# Microsoft .NET framework in linux?



## tophercer (Apr 11, 2010)

Does anybody know how to get Microsoft's .NET framework v2.0 or higher installed on linux? I'm using ubuntu 9.10, but I'm new to it and I really don't know my way around it. I need the framework to play a game (SWGemu). I have the game itself installed, but it won't start without the framework. In windows, the game would automatically install the framework, but it doesn't in linux. And when I try installing the framework by itself, I get an error saying that it could not verify. I'm assuming that this means it tried to verify windows, and couldn't. Can anybody help me? Thanks in advance!


----------



## tomdkat (May 6, 2006)

The Microsoft .Net Framework won't install or run natively on Linux. So, I presume you're doing this through Wine? If so, I found this thread which describes installing the .Net framework 2.0 in Wine on Ubuntu.

Peace...


----------



## tophercer (Apr 11, 2010)

Yes, I forgot to mention that I'm using wine. Thanks for the link!


----------



## Squashman (Apr 4, 2003)

Isn't that what the Mono Project is for?


----------



## tophercer (Apr 11, 2010)

I think so, but I'm not sure.
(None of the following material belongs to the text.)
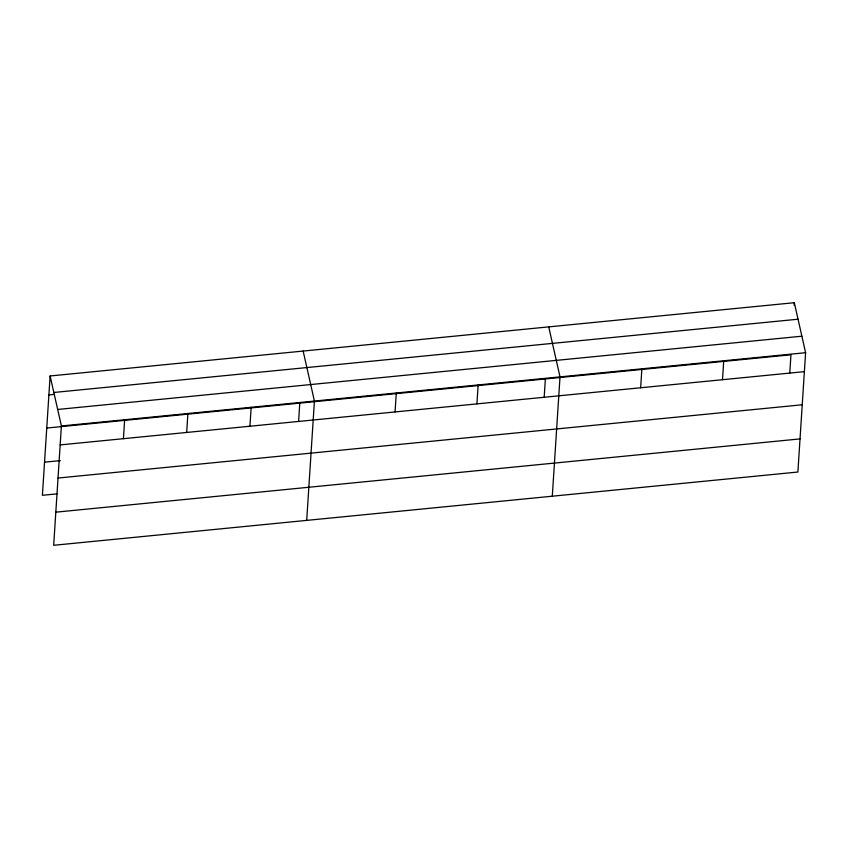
<?xml version="1.0" encoding="UTF-8"?>
<svg xmlns="http://www.w3.org/2000/svg" width="848" height="848" viewBox="0 0 848 848"><rect width="100%" height="100%" fill="white"/><g stroke="black" fill="none" stroke-linecap="round" stroke-linejoin="round"><path stroke-width="1.27" d="M50.117 375.971L61.395 425.972L53.678 545.296L797.883 472.029L805.6 352.704L794.322 302.704L50.117 375.971L42.4 495.296L56.901 493.875M123.426 438.681L124.645 419.739M186.677 432.459L187.906 413.517M249.937 426.226L251.167 407.284M298.591 421.509L299.779 403.129M306.7 520.386L314.417 401.062L303.149 351.061M395.062 411.948L396.281 392.995M476.926 403.881L478.145 384.939M544.183 397.33L545.37 378.961M552.292 496.207L560.009 376.883L548.741 326.883M640.653 387.769L641.872 368.816M722.507 379.703L723.736 360.76M789.774 373.152L790.961 354.782L46.746 428.039M794.163 305.238L794.322 302.704M53.837 392.476L798.042 319.208M48.887 394.914L54.166 394.394M57.675 409.467L801.879 336.2M61.395 425.972L805.6 352.704M60.166 444.914L804.37 371.647M44.541 462.171L60.356 460.612M58.024 478.039L802.229 404.772M55.82 512.171L800.024 438.904"/></g></svg>

I looked into it a bit, but I can't say I understood more than a little bit of it.


----------



## liquid_vision (Apr 17, 2010)

sudo apt-get install mono

That should install mono for you....

Once that's done, you should be able to run a .NET app from the command line with "mono appname.exe"

I haven't tried using the Micro$ .NET on wine, but I imagine it's a similar process to installing any other device driver/framework.

Just makes more sense to me to use the native version rather than the emulated one....


----------